Use the shell to access TrueNas scale and confirm you have a /dev/dri/renderD128 (that’s mine, yours may be different). That’s your graphics card recognised by the OS.
Ensure with Jailmaker you volume-mount /dev/dri into your jail:
Finally, with fingers crossed, select your server in Plex and visit the Transcoder page. Hopefully your device will be listed.
The above is clearly something that can be followed by those comfortable with shell access and the editors you use like vim and nano. Hopefully with the next major TrueNAS Scale release the apps infrastructure will make this much simpler for folk needing pure web interface controls.
Another follow-up. Turns out the instructions should work for Jellyfin, but are not sufficient for Plex. Plex will show your hardware, but not use it. Switch on debugging in Plex and you’ll find you’re missing the driver.
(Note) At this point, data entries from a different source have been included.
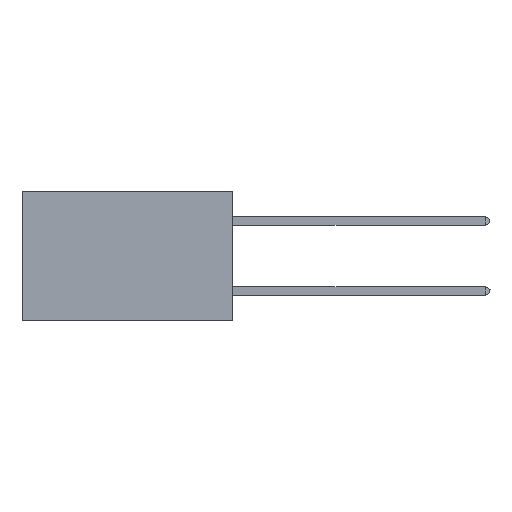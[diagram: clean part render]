
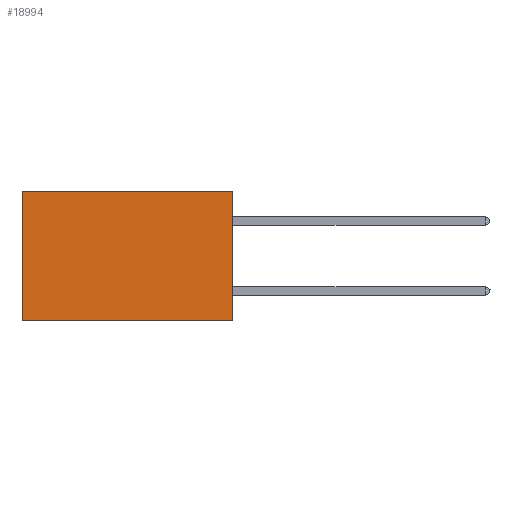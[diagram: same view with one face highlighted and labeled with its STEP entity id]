
A CAD part, left-side view. The second image highlights one B-rep face of the part: STEP entity #18994.
In plain terms, the highlighted planar face has unit normal (-1, 0, 0).
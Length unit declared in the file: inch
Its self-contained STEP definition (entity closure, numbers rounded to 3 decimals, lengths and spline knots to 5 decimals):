
#243 = ORIENTED_EDGE ( 'NONE', *, *, #7884, .T. ) ;
#825 = LINE ( 'NONE', #18369, #11692 ) ;
#1279 = CARTESIAN_POINT ( 'NONE',  ( 0.2875, 0., 0. ) ) ;
#2795 = CARTESIAN_POINT ( 'NONE',  ( 0.2875, 0., 0. ) ) ;
#4060 = VECTOR ( 'NONE', #15018, 39.37008 ) ;
#4899 = VECTOR ( 'NONE', #16005, 39.37008 ) ;
#6031 = LINE ( 'NONE', #19125, #4060 ) ;
#6132 = EDGE_LOOP ( 'NONE', ( #243, #21836, #22318, #25352 ) ) ;
#6937 = EDGE_CURVE ( 'NONE', #9284, #24672, #825, .T. ) ;
#7622 = CARTESIAN_POINT ( 'NONE',  ( 0.2875, 0., -0.37 ) ) ;
#7884 = EDGE_CURVE ( 'NONE', #24672, #15311, #6031, .T. ) ;
#7931 = DIRECTION ( 'NONE',  ( 0., 1., 0. ) ) ;
#9284 = VERTEX_POINT ( 'NONE', #1279 ) ;
#11260 = CARTESIAN_POINT ( 'NONE',  ( 0.2875, 0., -0.37 ) ) ;
#11692 = VECTOR ( 'NONE', #7931, 39.37008 ) ;
#12216 = DIRECTION ( 'NONE',  ( 0., 0., -1. ) ) ;
#13126 = EDGE_CURVE ( 'NONE', #9284, #25155, #16486, .T. ) ;
#13312 = DIRECTION ( 'NONE',  ( 1., 0., 0. ) ) ;
#13391 = DIRECTION ( 'NONE',  ( 0., 0., -1. ) ) ;
#14052 = CARTESIAN_POINT ( 'NONE',  ( 0.2875, 0., 0. ) ) ;
#15018 = DIRECTION ( 'NONE',  ( 0., 0., -1. ) ) ;
#15311 = VERTEX_POINT ( 'NONE', #25854 ) ;
#16005 = DIRECTION ( 'NONE',  ( 0., 1., 0. ) ) ;
#16486 = LINE ( 'NONE', #14052, #26389 ) ;
#18369 = CARTESIAN_POINT ( 'NONE',  ( 0.2875, 0., 0. ) ) ;
#18994 = ADVANCED_FACE ( 'NONE', ( #20251 ), #23887, .F. ) ;
#19125 = CARTESIAN_POINT ( 'NONE',  ( 0.2875, 0.6, 0. ) ) ;
#20251 = FACE_OUTER_BOUND ( 'NONE', #6132, .T. ) ;
#21836 = ORIENTED_EDGE ( 'NONE', *, *, #25403, .F. ) ;
#22239 = CARTESIAN_POINT ( 'NONE',  ( 0.2875, 0.6, 0. ) ) ;
#22318 = ORIENTED_EDGE ( 'NONE', *, *, #13126, .F. ) ;
#22775 = AXIS2_PLACEMENT_3D ( 'NONE', #2795, #13312, #13391 ) ;
#23887 = PLANE ( 'NONE',  #22775 ) ;
#24672 = VERTEX_POINT ( 'NONE', #22239 ) ;
#25155 = VERTEX_POINT ( 'NONE', #11260 ) ;
#25352 = ORIENTED_EDGE ( 'NONE', *, *, #6937, .T. ) ;
#25403 = EDGE_CURVE ( 'NONE', #25155, #15311, #25686, .T. ) ;
#25686 = LINE ( 'NONE', #7622, #4899 ) ;
#25854 = CARTESIAN_POINT ( 'NONE',  ( 0.2875, 0.6, -0.37 ) ) ;
#26389 = VECTOR ( 'NONE', #12216, 39.37008 ) ;

The solution is to install the nvidia-container-runtime for Docker to use when launching containers. See this guide.
I finally see the magical “(hw)” when transcoding a stream in Plex and my CPU is no longer used!
How are you running nvidia-smi? Did you install it somehow? Or is it not available in Electric Eel?
I just did a fresh install and wanted to test with the latest App infrastructure, so I updated to Electric Eel. Should I downgrade and then my NVIDIA RTX 4060 will potentially work?